(Data extracted from a collection)
····················

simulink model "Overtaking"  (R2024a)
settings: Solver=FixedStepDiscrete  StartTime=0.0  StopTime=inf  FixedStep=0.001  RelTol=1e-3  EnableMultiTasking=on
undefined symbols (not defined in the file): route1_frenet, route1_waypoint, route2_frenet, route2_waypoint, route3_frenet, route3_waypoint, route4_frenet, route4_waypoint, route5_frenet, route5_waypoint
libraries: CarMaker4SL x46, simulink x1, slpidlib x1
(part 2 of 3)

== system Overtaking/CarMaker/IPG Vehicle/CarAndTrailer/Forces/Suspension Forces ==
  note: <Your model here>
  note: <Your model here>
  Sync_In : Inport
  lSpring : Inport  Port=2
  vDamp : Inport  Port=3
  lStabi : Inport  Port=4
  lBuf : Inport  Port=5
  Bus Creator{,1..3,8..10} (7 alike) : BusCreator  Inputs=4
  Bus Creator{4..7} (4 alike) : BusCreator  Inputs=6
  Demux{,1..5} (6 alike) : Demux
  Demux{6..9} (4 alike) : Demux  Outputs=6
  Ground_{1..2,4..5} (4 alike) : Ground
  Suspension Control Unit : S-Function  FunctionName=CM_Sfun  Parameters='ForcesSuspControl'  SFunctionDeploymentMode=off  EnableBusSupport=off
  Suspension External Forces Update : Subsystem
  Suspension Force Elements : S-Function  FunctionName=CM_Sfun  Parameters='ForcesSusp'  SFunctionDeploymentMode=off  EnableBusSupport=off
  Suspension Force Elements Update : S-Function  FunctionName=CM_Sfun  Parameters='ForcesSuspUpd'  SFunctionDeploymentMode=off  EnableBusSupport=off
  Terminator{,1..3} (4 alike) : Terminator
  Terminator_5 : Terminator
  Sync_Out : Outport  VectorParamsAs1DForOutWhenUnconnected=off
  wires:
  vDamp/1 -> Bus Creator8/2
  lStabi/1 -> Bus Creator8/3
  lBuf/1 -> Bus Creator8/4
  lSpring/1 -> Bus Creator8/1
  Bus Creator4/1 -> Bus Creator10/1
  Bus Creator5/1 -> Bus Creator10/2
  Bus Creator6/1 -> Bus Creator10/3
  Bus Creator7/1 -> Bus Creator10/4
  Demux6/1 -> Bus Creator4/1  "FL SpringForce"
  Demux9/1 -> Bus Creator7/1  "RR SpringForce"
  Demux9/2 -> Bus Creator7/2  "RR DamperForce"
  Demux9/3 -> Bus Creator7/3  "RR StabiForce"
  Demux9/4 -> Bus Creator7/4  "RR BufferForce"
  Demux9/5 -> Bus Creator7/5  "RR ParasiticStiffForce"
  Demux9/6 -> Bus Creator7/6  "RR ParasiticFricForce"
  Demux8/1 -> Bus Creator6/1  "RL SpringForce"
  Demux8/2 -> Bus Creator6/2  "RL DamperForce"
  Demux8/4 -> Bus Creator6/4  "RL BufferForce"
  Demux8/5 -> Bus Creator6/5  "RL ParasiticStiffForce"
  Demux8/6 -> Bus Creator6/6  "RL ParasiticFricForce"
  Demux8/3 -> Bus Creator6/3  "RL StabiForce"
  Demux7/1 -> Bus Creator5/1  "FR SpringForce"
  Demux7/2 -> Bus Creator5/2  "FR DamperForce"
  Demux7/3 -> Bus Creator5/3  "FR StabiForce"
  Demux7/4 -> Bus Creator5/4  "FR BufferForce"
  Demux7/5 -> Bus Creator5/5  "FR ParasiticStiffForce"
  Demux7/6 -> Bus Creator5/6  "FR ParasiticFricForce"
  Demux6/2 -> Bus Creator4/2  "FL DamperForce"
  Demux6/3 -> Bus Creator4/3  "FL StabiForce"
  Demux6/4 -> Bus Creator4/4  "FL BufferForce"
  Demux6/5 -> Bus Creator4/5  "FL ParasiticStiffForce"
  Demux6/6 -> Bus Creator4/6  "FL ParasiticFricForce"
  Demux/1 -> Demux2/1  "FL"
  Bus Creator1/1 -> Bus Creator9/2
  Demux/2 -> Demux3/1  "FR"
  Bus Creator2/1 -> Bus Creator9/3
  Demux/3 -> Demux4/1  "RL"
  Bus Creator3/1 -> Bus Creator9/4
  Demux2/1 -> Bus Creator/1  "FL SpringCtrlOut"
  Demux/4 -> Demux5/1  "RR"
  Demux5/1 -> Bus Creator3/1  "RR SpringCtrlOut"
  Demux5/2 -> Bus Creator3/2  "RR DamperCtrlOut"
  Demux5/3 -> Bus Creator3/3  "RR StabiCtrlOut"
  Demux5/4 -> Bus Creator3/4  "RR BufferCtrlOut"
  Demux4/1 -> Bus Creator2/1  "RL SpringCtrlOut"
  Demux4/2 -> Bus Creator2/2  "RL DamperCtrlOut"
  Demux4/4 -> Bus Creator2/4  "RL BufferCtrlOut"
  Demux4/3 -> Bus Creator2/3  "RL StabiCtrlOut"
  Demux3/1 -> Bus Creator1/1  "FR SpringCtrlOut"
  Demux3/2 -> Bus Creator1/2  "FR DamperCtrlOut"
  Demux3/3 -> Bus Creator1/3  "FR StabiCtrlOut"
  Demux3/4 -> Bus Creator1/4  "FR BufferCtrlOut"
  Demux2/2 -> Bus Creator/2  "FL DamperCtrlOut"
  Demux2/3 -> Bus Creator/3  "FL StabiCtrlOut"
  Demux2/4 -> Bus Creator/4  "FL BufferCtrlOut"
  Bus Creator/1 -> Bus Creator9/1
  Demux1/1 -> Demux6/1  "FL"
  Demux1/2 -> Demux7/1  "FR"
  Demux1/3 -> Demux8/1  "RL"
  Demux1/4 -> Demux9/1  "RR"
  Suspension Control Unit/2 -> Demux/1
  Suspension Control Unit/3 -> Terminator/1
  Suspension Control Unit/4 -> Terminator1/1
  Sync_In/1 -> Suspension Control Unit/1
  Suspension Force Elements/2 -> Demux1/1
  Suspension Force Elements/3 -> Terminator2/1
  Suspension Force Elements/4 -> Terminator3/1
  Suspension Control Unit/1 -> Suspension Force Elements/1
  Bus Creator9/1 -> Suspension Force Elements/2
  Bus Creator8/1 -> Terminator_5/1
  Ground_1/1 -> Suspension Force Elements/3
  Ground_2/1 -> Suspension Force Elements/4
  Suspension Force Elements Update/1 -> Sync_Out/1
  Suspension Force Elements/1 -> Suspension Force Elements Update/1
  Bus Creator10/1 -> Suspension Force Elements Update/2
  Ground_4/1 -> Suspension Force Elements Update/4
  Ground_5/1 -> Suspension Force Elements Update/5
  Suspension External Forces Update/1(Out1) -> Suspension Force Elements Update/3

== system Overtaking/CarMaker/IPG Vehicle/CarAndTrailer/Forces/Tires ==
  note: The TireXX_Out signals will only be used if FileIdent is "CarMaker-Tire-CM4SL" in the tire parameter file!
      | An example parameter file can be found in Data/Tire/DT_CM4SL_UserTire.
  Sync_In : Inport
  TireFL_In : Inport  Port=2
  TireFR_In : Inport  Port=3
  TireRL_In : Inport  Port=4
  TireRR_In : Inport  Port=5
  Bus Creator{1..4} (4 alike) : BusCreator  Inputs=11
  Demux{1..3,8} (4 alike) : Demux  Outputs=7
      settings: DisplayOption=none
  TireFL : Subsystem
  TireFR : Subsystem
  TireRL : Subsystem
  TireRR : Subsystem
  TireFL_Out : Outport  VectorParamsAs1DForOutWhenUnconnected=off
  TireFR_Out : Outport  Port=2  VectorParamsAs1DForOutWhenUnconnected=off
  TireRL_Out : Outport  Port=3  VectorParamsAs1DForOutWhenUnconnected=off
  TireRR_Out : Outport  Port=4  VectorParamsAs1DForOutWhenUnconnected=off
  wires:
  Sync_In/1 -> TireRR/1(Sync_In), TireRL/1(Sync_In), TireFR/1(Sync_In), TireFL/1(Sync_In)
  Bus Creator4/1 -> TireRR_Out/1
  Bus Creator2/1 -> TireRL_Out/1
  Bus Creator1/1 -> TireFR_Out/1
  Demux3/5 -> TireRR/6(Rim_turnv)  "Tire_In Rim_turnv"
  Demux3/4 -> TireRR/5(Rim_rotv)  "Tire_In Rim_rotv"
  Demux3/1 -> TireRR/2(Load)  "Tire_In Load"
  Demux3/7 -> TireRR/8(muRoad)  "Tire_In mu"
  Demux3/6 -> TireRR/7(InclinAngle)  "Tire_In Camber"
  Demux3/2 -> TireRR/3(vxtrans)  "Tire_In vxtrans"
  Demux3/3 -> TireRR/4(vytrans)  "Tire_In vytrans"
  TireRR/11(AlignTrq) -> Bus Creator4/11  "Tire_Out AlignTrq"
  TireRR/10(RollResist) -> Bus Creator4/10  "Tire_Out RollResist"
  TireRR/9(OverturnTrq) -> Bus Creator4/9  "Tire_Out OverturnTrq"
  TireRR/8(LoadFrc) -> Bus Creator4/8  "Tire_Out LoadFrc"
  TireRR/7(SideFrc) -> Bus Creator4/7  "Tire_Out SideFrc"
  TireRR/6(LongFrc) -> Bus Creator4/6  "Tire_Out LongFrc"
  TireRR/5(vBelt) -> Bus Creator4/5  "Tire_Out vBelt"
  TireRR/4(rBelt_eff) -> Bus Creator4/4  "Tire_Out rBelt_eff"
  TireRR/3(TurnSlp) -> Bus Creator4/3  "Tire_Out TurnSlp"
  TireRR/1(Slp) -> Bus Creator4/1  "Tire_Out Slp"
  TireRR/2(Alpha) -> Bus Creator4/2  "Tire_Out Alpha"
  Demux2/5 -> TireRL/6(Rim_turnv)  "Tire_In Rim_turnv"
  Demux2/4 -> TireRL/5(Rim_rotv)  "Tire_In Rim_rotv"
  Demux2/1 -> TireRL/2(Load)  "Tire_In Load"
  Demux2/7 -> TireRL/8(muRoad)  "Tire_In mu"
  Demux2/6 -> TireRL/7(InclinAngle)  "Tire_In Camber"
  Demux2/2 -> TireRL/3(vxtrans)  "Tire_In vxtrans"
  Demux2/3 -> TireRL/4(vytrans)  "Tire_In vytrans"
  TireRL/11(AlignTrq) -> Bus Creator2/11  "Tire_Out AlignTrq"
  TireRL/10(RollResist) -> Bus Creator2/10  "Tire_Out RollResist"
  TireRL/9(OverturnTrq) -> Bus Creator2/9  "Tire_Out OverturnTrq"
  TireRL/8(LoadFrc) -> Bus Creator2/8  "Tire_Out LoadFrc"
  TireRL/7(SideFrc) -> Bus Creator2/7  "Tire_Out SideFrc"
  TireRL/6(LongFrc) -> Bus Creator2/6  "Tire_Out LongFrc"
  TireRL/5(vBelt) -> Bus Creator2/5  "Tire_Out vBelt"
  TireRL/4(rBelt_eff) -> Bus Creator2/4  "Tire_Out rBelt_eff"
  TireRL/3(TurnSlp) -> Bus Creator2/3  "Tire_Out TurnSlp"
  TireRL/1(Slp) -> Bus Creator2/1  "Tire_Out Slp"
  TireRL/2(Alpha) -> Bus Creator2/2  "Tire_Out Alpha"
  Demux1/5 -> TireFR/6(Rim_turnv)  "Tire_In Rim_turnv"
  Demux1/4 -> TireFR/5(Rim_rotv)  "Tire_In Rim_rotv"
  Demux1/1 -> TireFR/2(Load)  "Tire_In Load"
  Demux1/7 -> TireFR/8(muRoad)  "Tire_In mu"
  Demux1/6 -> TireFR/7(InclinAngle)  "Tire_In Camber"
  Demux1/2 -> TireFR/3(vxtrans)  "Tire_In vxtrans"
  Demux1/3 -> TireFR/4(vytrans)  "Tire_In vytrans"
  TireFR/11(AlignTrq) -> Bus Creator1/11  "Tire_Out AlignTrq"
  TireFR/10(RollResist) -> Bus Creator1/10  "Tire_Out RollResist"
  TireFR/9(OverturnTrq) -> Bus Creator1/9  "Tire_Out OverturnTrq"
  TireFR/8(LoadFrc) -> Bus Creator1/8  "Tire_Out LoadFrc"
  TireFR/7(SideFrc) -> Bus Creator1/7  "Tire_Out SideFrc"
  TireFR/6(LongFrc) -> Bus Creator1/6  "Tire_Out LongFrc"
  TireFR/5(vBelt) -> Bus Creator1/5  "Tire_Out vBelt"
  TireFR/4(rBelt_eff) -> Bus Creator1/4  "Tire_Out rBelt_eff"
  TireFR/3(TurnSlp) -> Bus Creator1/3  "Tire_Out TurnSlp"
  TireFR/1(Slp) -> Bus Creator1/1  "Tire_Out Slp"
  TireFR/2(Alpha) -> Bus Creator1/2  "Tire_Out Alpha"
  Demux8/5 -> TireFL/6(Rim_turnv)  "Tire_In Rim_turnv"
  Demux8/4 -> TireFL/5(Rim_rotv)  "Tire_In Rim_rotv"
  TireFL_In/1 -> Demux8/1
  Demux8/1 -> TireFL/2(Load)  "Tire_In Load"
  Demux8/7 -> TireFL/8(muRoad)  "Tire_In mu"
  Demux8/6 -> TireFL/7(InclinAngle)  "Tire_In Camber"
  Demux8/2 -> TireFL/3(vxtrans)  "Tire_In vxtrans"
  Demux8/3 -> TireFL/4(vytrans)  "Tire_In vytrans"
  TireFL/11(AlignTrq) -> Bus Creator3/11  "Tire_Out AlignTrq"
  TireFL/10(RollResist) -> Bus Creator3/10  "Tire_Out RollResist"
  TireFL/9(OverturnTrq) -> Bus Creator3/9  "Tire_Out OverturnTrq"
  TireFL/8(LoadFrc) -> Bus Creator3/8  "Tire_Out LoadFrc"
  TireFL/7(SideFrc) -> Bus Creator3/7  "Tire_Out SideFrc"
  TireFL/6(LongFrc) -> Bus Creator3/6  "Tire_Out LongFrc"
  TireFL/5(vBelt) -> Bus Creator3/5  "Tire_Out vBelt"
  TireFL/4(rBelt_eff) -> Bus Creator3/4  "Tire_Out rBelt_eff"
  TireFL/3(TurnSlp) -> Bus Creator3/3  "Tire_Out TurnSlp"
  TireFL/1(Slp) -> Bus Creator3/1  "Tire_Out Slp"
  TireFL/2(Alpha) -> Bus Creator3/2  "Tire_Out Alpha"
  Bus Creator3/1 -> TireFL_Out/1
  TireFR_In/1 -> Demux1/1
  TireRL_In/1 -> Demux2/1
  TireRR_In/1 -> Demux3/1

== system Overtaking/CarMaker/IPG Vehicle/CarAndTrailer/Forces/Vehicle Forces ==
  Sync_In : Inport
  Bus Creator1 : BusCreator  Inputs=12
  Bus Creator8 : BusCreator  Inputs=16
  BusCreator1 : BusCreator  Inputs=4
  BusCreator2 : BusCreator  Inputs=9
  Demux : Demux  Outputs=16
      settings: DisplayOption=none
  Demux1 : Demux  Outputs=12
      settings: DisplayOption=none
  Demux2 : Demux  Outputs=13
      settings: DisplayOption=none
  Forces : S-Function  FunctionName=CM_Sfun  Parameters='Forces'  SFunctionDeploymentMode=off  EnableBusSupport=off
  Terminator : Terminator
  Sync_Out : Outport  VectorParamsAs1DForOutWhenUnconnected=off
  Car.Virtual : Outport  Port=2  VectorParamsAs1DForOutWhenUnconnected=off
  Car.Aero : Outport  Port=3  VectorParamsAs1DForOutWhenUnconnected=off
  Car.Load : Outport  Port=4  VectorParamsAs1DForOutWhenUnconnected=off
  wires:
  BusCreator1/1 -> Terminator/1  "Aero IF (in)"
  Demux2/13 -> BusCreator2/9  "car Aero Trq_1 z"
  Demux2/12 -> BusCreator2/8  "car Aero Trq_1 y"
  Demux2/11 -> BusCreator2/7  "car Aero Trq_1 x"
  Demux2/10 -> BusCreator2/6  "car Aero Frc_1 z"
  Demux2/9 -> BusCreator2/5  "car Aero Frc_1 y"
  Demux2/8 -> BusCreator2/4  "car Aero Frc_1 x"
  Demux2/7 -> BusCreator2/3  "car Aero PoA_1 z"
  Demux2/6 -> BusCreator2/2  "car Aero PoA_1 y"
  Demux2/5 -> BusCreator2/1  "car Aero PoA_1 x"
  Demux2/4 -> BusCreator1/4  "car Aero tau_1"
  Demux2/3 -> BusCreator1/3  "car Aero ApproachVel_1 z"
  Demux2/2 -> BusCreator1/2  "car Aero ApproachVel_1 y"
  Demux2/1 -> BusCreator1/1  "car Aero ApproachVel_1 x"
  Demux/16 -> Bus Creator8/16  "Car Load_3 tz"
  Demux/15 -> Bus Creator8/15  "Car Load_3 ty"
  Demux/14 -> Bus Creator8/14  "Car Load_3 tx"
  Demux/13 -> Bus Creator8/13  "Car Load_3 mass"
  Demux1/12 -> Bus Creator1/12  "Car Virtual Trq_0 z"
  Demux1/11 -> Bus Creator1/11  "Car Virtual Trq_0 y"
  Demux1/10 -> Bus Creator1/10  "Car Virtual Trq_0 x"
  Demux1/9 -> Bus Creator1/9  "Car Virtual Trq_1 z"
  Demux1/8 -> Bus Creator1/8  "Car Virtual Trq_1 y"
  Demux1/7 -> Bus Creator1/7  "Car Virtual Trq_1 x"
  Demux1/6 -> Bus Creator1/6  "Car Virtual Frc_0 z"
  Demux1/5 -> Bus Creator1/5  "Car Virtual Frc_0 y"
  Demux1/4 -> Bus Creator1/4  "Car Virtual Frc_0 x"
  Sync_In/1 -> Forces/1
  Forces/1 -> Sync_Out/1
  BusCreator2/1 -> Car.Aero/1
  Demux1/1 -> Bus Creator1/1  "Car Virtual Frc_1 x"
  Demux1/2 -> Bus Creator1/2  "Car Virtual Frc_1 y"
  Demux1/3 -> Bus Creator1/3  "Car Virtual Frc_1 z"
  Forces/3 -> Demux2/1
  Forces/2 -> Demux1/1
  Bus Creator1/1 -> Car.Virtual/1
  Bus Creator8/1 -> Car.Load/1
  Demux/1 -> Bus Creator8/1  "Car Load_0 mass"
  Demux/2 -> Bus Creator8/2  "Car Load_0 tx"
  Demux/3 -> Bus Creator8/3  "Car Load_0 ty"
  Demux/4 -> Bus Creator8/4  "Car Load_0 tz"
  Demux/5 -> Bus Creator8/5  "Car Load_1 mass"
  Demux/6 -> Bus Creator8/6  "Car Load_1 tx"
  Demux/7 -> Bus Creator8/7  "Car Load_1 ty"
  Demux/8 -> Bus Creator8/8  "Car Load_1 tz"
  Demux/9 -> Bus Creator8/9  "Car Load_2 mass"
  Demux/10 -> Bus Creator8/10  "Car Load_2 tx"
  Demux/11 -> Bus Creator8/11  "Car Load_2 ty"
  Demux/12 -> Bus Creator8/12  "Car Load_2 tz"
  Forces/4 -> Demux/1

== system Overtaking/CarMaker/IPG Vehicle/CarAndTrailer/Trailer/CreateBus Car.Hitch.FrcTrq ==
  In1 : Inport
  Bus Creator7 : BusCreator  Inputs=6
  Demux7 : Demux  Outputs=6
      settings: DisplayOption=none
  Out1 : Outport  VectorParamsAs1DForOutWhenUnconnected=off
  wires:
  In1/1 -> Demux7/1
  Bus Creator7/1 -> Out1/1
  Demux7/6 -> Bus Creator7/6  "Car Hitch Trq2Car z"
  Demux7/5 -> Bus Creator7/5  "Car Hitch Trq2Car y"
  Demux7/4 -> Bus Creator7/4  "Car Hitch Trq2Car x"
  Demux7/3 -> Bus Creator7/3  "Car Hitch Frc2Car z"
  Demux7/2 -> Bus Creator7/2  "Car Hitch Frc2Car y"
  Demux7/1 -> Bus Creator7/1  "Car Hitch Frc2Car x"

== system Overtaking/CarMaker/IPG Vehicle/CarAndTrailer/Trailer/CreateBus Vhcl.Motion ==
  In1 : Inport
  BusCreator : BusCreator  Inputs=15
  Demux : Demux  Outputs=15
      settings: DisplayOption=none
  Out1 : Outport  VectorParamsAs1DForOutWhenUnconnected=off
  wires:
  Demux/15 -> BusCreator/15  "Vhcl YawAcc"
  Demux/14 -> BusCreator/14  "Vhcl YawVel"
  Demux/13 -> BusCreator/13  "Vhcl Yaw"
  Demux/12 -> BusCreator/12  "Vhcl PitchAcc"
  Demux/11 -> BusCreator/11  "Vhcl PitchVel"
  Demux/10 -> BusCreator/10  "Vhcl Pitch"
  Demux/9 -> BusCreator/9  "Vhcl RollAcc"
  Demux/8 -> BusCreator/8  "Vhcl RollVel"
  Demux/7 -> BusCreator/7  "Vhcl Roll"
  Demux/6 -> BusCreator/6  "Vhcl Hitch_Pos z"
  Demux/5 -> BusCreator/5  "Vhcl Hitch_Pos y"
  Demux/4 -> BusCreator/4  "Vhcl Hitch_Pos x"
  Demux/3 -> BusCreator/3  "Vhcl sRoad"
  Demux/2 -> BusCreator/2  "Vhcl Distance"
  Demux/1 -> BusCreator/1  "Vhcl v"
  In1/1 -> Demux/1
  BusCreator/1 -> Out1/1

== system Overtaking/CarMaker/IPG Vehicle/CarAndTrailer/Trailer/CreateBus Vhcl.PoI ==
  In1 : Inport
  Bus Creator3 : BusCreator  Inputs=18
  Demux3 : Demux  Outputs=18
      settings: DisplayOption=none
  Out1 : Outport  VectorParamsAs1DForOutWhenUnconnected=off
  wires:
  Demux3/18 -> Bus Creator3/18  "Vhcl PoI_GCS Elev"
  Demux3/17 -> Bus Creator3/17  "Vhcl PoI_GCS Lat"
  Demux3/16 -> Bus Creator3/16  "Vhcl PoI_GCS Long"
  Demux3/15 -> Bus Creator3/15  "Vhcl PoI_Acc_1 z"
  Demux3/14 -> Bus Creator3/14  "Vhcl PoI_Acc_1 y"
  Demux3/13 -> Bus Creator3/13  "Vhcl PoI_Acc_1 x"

····················

### Aim of the task
What is needed is an exact copy of the lines above, from the one containing "Bus Creator7/1 -> Out1/1" through the one containing "Demux/13 -> BusCreator/13", with nothing added.

### Task answer
  Bus Creator7/1 -> Out1/1
  Demux7/6 -> Bus Creator7/6  "Car Hitch Trq2Car z"
  Demux7/5 -> Bus Creator7/5  "Car Hitch Trq2Car y"
  Demux7/4 -> Bus Creator7/4  "Car Hitch Trq2Car x"
  Demux7/3 -> Bus Creator7/3  "Car Hitch Frc2Car z"
  Demux7/2 -> Bus Creator7/2  "Car Hitch Frc2Car y"
  Demux7/1 -> Bus Creator7/1  "Car Hitch Frc2Car x"

== system Overtaking/CarMaker/IPG Vehicle/CarAndTrailer/Trailer/CreateBus Vhcl.Motion ==
  In1 : Inport
  BusCreator : BusCreator  Inputs=15
  Demux : Demux  Outputs=15
      settings: DisplayOption=none
  Out1 : Outport  VectorParamsAs1DForOutWhenUnconnected=off
  wires:
  Demux/15 -> BusCreator/15  "Vhcl YawAcc"
  Demux/14 -> BusCreator/14  "Vhcl YawVel"
  Demux/13 -> BusCreator/13  "Vhcl Yaw"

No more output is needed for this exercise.